Copy out the data below as written; omit any images.

Data for this exercise Start Marker

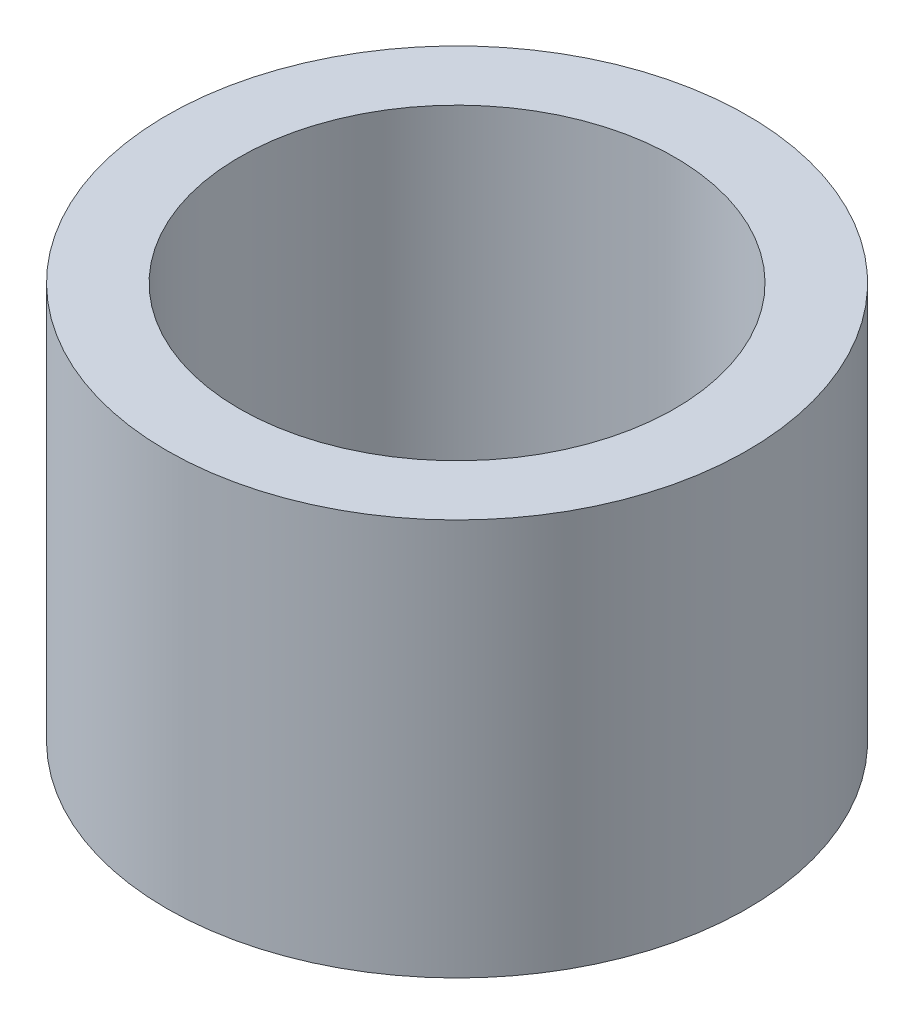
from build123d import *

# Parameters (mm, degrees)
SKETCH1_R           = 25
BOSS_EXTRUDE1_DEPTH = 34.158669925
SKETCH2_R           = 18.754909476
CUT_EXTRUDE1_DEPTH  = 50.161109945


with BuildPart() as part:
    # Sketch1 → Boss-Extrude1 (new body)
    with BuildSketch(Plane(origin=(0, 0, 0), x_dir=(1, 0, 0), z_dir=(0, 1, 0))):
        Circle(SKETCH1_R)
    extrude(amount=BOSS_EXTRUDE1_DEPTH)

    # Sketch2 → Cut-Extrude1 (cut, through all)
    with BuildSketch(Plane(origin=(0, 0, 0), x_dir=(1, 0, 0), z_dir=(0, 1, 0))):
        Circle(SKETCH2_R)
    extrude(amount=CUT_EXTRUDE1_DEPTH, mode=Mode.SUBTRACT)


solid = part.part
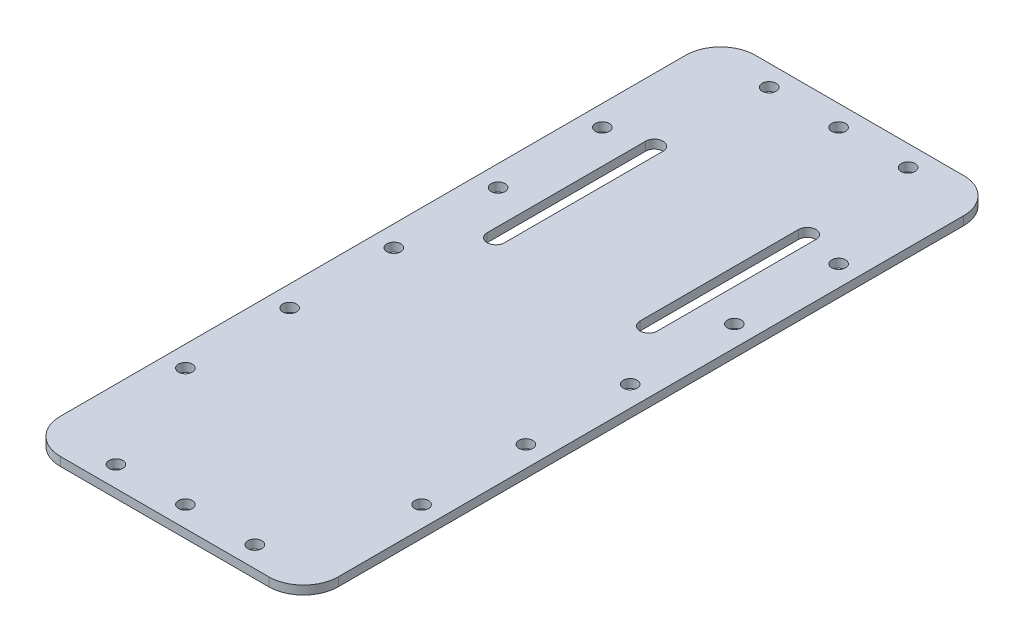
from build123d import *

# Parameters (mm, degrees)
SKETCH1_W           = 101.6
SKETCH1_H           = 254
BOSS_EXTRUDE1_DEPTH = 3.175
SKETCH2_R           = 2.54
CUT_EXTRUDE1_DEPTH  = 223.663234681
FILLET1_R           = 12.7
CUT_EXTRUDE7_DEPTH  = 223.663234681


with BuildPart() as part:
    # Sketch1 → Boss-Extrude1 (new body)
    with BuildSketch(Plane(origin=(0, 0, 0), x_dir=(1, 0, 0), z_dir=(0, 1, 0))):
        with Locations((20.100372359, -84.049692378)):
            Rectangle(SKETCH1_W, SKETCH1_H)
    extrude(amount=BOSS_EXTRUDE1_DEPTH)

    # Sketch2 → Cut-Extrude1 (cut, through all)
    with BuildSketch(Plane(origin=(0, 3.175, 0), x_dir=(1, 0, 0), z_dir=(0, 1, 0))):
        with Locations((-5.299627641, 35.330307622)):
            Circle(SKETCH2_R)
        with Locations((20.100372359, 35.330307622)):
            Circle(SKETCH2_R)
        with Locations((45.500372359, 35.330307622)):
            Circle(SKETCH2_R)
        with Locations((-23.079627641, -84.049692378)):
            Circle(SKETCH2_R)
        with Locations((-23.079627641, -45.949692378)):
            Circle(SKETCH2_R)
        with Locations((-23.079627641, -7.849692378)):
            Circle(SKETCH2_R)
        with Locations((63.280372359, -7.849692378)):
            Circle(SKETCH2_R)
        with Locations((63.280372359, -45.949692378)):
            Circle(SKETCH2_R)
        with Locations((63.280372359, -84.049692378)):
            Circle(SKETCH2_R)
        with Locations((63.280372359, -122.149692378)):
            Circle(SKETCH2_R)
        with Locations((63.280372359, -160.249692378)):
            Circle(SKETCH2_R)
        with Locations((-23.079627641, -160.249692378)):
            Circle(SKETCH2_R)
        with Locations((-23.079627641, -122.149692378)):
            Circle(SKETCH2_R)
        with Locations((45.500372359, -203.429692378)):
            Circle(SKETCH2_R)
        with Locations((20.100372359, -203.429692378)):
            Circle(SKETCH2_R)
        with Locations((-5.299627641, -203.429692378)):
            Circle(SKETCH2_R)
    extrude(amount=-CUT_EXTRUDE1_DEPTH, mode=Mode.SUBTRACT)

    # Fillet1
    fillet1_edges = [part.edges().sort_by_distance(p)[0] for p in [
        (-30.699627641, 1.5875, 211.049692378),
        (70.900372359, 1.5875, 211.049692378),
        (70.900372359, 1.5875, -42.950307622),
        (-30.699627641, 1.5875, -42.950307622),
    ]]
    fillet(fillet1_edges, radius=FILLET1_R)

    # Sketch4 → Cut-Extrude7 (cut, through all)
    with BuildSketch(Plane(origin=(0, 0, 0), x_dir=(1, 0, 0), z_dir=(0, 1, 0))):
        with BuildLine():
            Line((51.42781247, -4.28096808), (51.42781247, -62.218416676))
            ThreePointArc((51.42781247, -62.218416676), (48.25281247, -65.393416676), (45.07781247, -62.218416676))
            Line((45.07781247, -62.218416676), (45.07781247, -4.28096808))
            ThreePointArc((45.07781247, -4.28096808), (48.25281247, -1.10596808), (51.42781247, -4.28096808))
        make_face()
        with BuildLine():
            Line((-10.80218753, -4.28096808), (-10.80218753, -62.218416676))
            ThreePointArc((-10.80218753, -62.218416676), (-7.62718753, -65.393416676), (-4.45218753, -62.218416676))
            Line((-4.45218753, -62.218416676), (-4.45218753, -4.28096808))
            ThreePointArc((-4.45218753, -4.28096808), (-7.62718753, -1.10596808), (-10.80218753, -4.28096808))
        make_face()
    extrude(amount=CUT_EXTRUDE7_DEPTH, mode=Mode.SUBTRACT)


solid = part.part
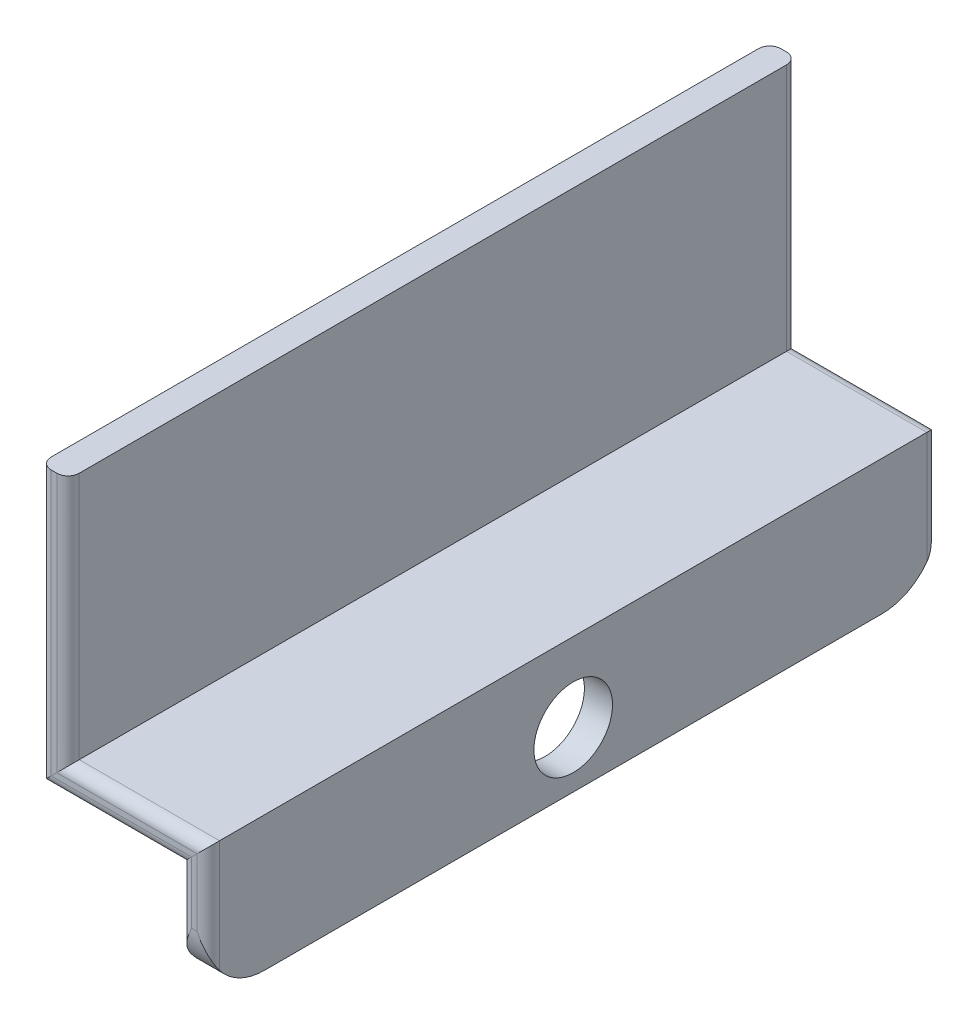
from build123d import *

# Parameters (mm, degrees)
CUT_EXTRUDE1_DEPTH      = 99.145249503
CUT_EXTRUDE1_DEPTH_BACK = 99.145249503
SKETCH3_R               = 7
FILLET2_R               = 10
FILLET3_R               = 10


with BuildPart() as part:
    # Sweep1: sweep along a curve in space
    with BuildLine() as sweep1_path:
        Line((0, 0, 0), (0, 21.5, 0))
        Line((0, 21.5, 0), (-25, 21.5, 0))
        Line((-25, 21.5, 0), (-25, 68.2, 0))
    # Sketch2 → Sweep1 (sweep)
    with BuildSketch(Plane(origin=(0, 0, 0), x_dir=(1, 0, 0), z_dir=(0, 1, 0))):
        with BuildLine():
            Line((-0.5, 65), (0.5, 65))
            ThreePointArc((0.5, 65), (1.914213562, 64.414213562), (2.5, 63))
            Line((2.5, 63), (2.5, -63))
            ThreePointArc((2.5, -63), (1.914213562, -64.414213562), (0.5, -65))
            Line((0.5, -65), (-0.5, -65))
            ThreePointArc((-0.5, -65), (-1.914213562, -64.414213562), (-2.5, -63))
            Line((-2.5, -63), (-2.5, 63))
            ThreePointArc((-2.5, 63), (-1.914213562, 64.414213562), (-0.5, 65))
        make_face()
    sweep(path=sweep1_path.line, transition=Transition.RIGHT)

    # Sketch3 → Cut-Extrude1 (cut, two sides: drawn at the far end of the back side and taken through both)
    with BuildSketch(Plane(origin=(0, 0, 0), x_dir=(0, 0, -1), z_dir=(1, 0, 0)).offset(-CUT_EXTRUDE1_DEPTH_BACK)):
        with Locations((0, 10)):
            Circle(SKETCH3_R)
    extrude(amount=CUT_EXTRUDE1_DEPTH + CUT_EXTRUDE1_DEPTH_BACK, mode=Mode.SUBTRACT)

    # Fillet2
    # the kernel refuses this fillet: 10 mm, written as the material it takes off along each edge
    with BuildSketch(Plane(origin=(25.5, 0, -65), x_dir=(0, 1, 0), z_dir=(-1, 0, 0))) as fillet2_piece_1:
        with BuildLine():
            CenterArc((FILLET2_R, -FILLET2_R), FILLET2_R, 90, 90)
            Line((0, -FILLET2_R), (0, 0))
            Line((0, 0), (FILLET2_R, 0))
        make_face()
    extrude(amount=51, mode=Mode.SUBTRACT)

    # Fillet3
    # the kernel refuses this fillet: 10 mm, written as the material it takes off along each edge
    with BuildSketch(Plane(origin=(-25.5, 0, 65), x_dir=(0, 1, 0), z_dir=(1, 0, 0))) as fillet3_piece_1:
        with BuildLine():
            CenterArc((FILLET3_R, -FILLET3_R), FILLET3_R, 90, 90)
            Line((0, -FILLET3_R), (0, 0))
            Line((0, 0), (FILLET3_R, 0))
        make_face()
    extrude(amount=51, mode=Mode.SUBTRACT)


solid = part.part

Data for this exercise End Marker

# [Answer section]
from build123d import *

# Parameters (mm, degrees)
SKETCH1_R           = 25
BOSS_EXTRUDE1_DEPTH = 34.158669925
SKETCH2_R           = 18.754909476
CUT_EXTRUDE1_DEPTH  = 50.161109945


with BuildPart() as part:
    # Sketch1 → Boss-Extrude1 (new body)
    with BuildSketch(Plane(origin=(0, 0, 0), x_dir=(1, 0, 0), z_dir=(0, 1, 0))):
        Circle(SKETCH1_R)
    extrude(amount=BOSS_EXTRUDE1_DEPTH)

    # Sketch2 → Cut-Extrude1 (cut, through all)
    with BuildSketch(Plane(origin=(0, 0, 0), x_dir=(1, 0, 0), z_dir=(0, 1, 0))):
        Circle(SKETCH2_R)
    extrude(amount=CUT_EXTRUDE1_DEPTH, mode=Mode.SUBTRACT)


solid = part.part
from build123d import *

# Parameters (mm, degrees)
SKETCH1_W           = 101.6
SKETCH1_H           = 254
BOSS_EXTRUDE1_DEPTH = 3.175
SKETCH2_R           = 2.54
CUT_EXTRUDE1_DEPTH  = 223.663234681
FILLET1_R           = 12.7
CUT_EXTRUDE7_DEPTH  = 223.663234681


with BuildPart() as part:
    # Sketch1 → Boss-Extrude1 (new body)
    with BuildSketch(Plane(origin=(0, 0, 0), x_dir=(1, 0, 0), z_dir=(0, 1, 0))):
        with Locations((20.100372359, -84.049692378)):
            Rectangle(SKETCH1_W, SKETCH1_H)
    extrude(amount=BOSS_EXTRUDE1_DEPTH)

    # Sketch2 → Cut-Extrude1 (cut, through all)
    with BuildSketch(Plane(origin=(0, 3.175, 0), x_dir=(1, 0, 0), z_dir=(0, 1, 0))):
        with Locations((-5.299627641, 35.330307622)):
            Circle(SKETCH2_R)
        with Locations((20.100372359, 35.330307622)):
            Circle(SKETCH2_R)
        with Locations((45.500372359, 35.330307622)):
            Circle(SKETCH2_R)
        with Locations((-23.079627641, -84.049692378)):
            Circle(SKETCH2_R)
        with Locations((-23.079627641, -45.949692378)):
            Circle(SKETCH2_R)
        with Locations((-23.079627641, -7.849692378)):
            Circle(SKETCH2_R)
        with Locations((63.280372359, -7.849692378)):
            Circle(SKETCH2_R)
        with Locations((63.280372359, -45.949692378)):
            Circle(SKETCH2_R)
        with Locations((63.280372359, -84.049692378)):
            Circle(SKETCH2_R)
        with Locations((63.280372359, -122.149692378)):
            Circle(SKETCH2_R)
        with Locations((63.280372359, -160.249692378)):
            Circle(SKETCH2_R)
        with Locations((-23.079627641, -160.249692378)):
            Circle(SKETCH2_R)
        with Locations((-23.079627641, -122.149692378)):
            Circle(SKETCH2_R)
        with Locations((45.500372359, -203.429692378)):
            Circle(SKETCH2_R)
        with Locations((20.100372359, -203.429692378)):
            Circle(SKETCH2_R)
        with Locations((-5.299627641, -203.429692378)):
            Circle(SKETCH2_R)
    extrude(amount=-CUT_EXTRUDE1_DEPTH, mode=Mode.SUBTRACT)

    # Fillet1
    fillet1_edges = [part.edges().sort_by_distance(p)[0] for p in [
        (-30.699627641, 1.5875, 211.049692378),
        (70.900372359, 1.5875, 211.049692378),
        (70.900372359, 1.5875, -42.950307622),
        (-30.699627641, 1.5875, -42.950307622),
    ]]
    fillet(fillet1_edges, radius=FILLET1_R)

    # Sketch4 → Cut-Extrude7 (cut, through all)
    with BuildSketch(Plane(origin=(0, 0, 0), x_dir=(1, 0, 0), z_dir=(0, 1, 0))):
        with BuildLine():
            Line((51.42781247, -4.28096808), (51.42781247, -62.218416676))
            ThreePointArc((51.42781247, -62.218416676), (48.25281247, -65.393416676), (45.07781247, -62.218416676))
            Line((45.07781247, -62.218416676), (45.07781247, -4.28096808))
            ThreePointArc((45.07781247, -4.28096808), (48.25281247, -1.10596808), (51.42781247, -4.28096808))
        make_face()
        with BuildLine():
            Line((-10.80218753, -4.28096808), (-10.80218753, -62.218416676))
            ThreePointArc((-10.80218753, -62.218416676), (-7.62718753, -65.393416676), (-4.45218753, -62.218416676))
            Line((-4.45218753, -62.218416676), (-4.45218753, -4.28096808))
            ThreePointArc((-4.45218753, -4.28096808), (-7.62718753, -1.10596808), (-10.80218753, -4.28096808))
        make_face()
    extrude(amount=CUT_EXTRUDE7_DEPTH, mode=Mode.SUBTRACT)


solid = part.part
from build123d import *

# Parameters (mm, degrees)
CUT_EXTRUDE1_DEPTH      = 99.145249503
CUT_EXTRUDE1_DEPTH_BACK = 99.145249503
SKETCH3_R               = 7
FILLET2_R               = 10
FILLET3_R               = 10


with BuildPart() as part:
    # Sweep1: sweep along a curve in space
    with BuildLine() as sweep1_path:
        Line((0, 0, 0), (0, 21.5, 0))
        Line((0, 21.5, 0), (-25, 21.5, 0))
        Line((-25, 21.5, 0), (-25, 68.2, 0))
    # Sketch2 → Sweep1 (sweep)
    with BuildSketch(Plane(origin=(0, 0, 0), x_dir=(1, 0, 0), z_dir=(0, 1, 0))):
        with BuildLine():
            Line((-0.5, 65), (0.5, 65))
            ThreePointArc((0.5, 65), (1.914213562, 64.414213562), (2.5, 63))
            Line((2.5, 63), (2.5, -63))
            ThreePointArc((2.5, -63), (1.914213562, -64.414213562), (0.5, -65))
            Line((0.5, -65), (-0.5, -65))
            ThreePointArc((-0.5, -65), (-1.914213562, -64.414213562), (-2.5, -63))
            Line((-2.5, -63), (-2.5, 63))
            ThreePointArc((-2.5, 63), (-1.914213562, 64.414213562), (-0.5, 65))
        make_face()
    sweep(path=sweep1_path.line, transition=Transition.RIGHT)

    # Sketch3 → Cut-Extrude1 (cut, two sides: drawn at the far end of the back side and taken through both)
    with BuildSketch(Plane(origin=(0, 0, 0), x_dir=(0, 0, -1), z_dir=(1, 0, 0)).offset(-CUT_EXTRUDE1_DEPTH_BACK)):
        with Locations((0, 10)):
            Circle(SKETCH3_R)
    extrude(amount=CUT_EXTRUDE1_DEPTH + CUT_EXTRUDE1_DEPTH_BACK, mode=Mode.SUBTRACT)

    # Fillet2
    # the kernel refuses this fillet: 10 mm, written as the material it takes off along each edge
    with BuildSketch(Plane(origin=(25.5, 0, -65), x_dir=(0, 1, 0), z_dir=(-1, 0, 0))) as fillet2_piece_1:
        with BuildLine():
            CenterArc((FILLET2_R, -FILLET2_R), FILLET2_R, 90, 90)
            Line((0, -FILLET2_R), (0, 0))
            Line((0, 0), (FILLET2_R, 0))
        make_face()
    extrude(amount=51, mode=Mode.SUBTRACT)

    # Fillet3
    # the kernel refuses this fillet: 10 mm, written as the material it takes off along each edge
    with BuildSketch(Plane(origin=(-25.5, 0, 65), x_dir=(0, 1, 0), z_dir=(1, 0, 0))) as fillet3_piece_1:
        with BuildLine():
            CenterArc((FILLET3_R, -FILLET3_R), FILLET3_R, 90, 90)
            Line((0, -FILLET3_R), (0, 0))
            Line((0, 0), (FILLET3_R, 0))
        make_face()
    extrude(amount=51, mode=Mode.SUBTRACT)


solid = part.part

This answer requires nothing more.